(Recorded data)

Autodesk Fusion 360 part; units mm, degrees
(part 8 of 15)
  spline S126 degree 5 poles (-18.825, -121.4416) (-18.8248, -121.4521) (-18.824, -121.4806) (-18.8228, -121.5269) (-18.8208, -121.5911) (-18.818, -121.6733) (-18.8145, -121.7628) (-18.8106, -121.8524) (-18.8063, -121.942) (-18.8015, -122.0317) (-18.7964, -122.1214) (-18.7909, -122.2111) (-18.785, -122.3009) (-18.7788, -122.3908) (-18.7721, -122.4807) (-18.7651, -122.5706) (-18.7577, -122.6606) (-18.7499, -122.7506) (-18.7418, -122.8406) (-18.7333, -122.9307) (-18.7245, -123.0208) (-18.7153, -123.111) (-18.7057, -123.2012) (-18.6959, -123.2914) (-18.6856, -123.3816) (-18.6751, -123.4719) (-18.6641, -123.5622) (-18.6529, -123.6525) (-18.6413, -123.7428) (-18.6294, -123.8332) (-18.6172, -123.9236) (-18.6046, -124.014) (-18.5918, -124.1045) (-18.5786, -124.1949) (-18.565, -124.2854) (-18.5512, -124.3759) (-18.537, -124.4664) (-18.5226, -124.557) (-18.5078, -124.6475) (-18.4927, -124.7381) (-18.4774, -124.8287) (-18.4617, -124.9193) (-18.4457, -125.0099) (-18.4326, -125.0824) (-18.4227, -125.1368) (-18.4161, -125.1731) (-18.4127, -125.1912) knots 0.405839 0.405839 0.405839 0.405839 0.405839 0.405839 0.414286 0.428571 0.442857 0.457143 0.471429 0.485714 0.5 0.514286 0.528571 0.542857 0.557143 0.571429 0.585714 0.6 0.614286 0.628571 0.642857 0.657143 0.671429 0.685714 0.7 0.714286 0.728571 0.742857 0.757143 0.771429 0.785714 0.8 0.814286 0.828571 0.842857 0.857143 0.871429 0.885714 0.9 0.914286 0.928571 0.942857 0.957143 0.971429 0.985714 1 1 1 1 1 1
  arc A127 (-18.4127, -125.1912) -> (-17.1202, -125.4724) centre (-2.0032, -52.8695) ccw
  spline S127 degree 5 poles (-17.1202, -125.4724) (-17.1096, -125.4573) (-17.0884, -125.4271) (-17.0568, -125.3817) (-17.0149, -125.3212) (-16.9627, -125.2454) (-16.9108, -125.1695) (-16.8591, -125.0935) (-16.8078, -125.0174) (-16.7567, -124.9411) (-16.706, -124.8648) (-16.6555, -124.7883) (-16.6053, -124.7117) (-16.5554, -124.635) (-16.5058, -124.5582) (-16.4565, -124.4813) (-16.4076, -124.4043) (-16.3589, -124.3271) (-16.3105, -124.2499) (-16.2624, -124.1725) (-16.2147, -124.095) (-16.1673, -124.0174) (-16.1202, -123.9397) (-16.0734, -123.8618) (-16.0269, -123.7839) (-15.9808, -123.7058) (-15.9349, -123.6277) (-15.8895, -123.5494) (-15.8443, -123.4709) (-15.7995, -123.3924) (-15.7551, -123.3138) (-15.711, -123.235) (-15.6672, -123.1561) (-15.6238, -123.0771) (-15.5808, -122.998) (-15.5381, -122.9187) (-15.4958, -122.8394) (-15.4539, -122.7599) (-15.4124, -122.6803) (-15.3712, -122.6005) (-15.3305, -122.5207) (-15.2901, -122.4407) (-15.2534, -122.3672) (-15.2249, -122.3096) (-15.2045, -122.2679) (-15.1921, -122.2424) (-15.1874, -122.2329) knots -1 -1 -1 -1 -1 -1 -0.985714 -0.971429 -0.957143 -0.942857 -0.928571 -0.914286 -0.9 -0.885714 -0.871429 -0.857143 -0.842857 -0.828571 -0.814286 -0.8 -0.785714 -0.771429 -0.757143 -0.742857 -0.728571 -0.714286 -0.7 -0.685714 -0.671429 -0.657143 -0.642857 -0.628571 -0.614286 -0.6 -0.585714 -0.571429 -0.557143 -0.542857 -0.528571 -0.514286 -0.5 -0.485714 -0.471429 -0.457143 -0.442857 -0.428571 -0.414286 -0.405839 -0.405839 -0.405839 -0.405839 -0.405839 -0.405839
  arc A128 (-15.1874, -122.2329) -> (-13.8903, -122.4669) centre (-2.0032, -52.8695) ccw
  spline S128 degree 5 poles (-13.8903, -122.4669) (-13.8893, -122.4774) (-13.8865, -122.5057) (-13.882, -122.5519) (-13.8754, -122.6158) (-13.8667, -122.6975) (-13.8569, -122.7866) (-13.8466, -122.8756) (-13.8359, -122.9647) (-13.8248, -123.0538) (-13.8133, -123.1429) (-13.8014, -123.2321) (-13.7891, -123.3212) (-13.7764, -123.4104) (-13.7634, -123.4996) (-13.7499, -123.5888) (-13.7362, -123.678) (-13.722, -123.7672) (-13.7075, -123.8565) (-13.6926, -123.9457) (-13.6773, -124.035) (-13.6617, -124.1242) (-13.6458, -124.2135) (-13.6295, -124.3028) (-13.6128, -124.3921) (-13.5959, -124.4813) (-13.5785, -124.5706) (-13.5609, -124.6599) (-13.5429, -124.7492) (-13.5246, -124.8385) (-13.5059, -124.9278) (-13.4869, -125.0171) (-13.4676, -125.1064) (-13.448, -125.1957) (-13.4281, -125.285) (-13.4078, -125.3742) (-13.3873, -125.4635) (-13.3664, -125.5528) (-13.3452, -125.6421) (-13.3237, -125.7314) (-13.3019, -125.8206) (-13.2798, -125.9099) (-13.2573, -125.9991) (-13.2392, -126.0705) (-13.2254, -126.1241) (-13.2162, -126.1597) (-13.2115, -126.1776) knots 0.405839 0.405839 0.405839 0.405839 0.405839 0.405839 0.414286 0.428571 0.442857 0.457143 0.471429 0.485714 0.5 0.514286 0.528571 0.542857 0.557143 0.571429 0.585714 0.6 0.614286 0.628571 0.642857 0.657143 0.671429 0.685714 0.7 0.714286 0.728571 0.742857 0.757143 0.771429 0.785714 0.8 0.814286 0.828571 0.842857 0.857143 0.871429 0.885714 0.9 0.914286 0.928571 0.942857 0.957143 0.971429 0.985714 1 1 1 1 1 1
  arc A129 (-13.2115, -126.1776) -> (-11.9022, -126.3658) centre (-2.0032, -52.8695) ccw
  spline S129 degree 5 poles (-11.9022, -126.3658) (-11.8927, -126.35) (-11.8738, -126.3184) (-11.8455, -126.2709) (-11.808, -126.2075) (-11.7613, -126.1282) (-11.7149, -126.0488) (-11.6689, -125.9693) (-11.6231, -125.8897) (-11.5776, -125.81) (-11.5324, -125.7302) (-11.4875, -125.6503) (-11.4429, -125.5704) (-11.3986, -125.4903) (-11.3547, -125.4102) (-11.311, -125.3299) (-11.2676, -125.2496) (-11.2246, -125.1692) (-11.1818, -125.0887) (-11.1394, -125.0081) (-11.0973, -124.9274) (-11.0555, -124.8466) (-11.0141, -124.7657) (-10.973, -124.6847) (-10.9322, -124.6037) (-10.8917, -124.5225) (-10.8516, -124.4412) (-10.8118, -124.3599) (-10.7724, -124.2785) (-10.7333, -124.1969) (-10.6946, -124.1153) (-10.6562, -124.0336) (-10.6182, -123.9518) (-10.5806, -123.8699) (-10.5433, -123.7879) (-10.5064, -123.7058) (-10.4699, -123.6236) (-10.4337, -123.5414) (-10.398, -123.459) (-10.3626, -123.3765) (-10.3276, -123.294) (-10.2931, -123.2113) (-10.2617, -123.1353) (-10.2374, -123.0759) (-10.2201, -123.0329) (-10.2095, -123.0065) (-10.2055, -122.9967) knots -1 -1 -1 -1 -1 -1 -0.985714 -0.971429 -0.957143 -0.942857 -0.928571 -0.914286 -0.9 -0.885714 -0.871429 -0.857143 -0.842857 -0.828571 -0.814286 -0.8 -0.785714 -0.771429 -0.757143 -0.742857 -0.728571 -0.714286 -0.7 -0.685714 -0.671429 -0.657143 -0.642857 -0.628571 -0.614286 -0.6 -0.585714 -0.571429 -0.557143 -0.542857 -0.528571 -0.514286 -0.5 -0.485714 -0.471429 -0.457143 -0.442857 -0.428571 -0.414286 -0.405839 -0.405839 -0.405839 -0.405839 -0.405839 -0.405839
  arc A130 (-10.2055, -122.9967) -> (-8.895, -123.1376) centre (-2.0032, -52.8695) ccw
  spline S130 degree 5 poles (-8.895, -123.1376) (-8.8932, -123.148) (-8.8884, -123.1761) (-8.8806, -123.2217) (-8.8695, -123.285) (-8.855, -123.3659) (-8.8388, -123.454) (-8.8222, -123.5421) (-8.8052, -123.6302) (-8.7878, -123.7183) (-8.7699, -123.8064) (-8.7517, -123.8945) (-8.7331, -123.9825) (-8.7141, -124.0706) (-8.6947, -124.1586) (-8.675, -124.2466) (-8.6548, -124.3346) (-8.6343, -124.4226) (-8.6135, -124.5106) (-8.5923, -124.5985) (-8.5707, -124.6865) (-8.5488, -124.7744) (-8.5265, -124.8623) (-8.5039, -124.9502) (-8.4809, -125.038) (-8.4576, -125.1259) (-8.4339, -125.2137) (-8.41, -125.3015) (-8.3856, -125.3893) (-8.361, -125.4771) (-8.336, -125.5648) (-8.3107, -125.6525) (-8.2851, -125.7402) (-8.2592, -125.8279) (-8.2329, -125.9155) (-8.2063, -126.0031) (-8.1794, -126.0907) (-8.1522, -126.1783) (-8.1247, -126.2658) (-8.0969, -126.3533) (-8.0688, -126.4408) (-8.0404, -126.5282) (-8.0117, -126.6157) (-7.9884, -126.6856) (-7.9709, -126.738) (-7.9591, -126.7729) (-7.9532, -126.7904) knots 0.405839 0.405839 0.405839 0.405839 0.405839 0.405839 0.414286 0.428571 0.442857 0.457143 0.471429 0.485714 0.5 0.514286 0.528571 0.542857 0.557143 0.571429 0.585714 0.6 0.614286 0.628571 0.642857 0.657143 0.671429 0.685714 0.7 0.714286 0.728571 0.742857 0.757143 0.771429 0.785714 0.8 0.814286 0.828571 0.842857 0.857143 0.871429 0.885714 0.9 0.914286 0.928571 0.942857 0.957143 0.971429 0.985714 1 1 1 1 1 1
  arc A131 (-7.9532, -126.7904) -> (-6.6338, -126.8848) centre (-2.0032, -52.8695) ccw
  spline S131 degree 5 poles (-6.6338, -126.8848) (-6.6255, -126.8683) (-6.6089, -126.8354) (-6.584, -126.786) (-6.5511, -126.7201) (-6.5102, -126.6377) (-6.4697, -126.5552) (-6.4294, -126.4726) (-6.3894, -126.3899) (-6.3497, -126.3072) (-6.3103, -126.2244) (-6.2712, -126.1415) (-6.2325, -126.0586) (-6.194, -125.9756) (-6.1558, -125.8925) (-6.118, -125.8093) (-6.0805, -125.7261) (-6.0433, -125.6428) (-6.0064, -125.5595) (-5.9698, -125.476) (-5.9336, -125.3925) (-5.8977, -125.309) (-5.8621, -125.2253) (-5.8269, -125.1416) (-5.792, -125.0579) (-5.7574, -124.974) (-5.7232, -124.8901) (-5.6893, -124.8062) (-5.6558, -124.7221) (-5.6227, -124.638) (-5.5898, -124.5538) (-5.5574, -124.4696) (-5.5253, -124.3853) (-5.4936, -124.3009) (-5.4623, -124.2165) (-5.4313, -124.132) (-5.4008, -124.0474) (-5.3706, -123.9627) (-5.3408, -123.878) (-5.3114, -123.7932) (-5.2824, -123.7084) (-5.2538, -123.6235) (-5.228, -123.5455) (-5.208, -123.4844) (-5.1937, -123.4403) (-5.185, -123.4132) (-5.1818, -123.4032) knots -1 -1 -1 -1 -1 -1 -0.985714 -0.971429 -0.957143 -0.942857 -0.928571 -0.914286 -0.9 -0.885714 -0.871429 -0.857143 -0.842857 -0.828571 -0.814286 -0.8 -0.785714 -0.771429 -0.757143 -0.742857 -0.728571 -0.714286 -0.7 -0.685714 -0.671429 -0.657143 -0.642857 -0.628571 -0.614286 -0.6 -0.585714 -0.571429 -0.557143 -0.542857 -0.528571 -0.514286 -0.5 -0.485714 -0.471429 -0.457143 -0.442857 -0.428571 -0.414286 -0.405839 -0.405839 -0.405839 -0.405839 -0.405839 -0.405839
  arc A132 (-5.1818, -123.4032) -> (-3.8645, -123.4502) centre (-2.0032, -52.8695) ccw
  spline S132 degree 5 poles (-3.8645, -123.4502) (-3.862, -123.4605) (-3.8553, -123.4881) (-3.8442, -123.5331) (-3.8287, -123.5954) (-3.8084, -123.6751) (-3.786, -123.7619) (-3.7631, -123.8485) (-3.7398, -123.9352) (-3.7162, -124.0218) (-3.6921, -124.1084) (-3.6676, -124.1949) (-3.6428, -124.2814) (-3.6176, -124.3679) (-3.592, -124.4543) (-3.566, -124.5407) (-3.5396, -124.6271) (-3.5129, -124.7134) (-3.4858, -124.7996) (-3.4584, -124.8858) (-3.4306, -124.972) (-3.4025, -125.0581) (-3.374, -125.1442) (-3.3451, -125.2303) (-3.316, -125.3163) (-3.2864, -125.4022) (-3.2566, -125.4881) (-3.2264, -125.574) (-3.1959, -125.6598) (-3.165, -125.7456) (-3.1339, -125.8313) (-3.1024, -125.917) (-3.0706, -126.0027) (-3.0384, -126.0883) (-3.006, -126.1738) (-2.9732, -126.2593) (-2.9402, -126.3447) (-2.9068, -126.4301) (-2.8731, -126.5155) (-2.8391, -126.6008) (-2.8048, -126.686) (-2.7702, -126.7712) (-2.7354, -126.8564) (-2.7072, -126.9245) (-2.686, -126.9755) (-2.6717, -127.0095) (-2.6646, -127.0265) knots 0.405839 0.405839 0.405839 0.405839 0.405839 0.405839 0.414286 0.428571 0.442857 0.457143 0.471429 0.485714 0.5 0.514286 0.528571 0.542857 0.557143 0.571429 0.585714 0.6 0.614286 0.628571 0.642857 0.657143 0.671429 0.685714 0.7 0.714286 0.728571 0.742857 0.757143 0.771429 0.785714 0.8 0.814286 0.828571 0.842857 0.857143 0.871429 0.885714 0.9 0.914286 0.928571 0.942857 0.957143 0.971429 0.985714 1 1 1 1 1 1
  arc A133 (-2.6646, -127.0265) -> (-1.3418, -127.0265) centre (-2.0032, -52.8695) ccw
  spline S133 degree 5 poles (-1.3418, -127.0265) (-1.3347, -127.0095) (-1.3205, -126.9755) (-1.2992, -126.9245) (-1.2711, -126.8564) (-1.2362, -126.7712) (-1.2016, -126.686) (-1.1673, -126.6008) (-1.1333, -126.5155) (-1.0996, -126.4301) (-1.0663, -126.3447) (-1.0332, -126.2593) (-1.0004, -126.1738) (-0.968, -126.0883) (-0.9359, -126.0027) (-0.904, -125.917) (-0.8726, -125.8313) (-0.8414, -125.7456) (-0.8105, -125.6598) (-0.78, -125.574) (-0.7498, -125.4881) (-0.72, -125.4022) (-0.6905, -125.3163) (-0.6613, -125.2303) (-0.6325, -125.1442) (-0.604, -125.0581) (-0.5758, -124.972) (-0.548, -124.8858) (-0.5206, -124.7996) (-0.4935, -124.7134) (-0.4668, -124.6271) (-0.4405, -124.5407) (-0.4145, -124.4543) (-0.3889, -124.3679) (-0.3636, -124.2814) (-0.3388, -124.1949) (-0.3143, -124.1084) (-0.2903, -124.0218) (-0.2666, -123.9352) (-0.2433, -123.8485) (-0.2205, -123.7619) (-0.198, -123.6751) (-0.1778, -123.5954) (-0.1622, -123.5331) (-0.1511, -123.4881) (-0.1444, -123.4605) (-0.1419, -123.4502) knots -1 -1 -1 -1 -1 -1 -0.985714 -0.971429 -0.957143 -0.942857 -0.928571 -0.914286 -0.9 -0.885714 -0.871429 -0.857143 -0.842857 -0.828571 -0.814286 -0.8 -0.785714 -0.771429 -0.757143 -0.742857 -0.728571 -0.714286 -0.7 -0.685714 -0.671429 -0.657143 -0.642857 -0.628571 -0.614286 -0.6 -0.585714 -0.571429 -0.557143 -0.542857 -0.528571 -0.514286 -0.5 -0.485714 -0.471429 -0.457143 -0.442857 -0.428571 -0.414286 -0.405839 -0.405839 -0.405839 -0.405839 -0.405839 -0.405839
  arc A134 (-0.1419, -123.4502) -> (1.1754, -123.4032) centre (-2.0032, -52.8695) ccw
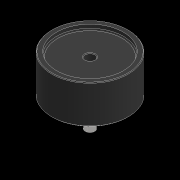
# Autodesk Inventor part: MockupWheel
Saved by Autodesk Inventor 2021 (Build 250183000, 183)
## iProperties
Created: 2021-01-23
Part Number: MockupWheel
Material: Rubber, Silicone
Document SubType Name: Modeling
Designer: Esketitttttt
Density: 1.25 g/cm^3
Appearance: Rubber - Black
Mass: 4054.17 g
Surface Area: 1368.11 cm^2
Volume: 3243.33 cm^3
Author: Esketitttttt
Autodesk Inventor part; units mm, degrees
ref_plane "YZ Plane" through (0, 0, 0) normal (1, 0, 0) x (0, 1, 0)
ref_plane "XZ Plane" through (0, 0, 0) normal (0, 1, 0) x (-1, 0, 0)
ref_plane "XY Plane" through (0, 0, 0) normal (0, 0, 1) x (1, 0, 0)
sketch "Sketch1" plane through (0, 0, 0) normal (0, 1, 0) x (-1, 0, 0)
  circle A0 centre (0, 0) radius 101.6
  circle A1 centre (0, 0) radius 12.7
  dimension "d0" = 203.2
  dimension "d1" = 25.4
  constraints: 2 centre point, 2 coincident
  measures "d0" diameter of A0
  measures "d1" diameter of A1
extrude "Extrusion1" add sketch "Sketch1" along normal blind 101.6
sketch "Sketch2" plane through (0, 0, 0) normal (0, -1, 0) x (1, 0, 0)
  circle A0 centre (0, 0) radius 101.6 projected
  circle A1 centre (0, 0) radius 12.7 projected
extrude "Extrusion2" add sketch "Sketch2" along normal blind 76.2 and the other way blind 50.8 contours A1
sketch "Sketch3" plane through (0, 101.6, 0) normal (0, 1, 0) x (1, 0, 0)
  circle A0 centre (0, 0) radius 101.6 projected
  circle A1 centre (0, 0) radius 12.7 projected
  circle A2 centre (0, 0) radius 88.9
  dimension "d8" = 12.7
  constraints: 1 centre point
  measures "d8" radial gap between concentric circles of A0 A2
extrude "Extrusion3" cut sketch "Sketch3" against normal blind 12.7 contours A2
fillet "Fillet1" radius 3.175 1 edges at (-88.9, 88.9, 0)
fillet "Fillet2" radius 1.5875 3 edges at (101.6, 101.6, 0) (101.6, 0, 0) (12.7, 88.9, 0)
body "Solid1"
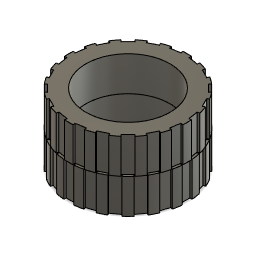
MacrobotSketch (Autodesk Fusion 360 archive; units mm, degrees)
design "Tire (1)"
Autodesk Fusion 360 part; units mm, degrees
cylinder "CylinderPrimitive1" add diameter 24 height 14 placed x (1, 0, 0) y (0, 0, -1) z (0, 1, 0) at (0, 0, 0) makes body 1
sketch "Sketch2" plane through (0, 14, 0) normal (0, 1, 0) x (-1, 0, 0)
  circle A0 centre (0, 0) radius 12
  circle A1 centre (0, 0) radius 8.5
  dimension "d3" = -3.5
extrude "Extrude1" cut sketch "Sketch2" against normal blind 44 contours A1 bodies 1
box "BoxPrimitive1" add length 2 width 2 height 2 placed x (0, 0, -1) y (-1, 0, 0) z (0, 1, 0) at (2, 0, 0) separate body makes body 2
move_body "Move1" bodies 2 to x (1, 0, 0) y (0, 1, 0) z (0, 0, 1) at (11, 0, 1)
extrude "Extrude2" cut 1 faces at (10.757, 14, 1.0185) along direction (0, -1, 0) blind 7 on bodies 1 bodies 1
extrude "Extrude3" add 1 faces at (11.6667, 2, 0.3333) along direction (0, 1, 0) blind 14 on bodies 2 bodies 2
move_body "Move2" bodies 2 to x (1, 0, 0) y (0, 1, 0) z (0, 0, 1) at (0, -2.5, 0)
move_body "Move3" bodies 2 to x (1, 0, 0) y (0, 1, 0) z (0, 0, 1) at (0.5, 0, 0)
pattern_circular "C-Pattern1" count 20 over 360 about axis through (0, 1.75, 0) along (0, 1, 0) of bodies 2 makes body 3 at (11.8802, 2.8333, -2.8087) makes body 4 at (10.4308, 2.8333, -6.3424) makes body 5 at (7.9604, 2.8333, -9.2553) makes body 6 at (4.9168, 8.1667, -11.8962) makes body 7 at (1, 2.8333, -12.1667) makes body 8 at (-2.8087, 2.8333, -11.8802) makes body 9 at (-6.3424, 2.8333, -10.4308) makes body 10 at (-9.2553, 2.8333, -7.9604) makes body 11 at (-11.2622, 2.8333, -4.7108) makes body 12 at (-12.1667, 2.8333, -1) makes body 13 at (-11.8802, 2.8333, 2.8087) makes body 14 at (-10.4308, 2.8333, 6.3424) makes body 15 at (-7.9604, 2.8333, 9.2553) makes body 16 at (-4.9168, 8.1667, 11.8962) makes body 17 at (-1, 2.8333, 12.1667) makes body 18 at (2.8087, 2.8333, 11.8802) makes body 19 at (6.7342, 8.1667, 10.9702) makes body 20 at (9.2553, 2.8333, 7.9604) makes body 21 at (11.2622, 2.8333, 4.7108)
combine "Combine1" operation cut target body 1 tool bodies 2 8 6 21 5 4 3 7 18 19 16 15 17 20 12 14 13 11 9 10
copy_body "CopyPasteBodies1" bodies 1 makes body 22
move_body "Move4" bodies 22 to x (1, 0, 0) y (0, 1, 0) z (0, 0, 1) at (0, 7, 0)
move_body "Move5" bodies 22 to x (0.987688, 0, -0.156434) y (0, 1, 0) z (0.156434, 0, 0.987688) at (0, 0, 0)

Brief. Some lines in the data above hold the string "Inventor". Find and copy each of them.

Output below.
# Autodesk Inventor part: MockupWheel
Saved by Autodesk Inventor 2021 (Build 250183000, 183)
Autodesk Inventor part; units mm, degrees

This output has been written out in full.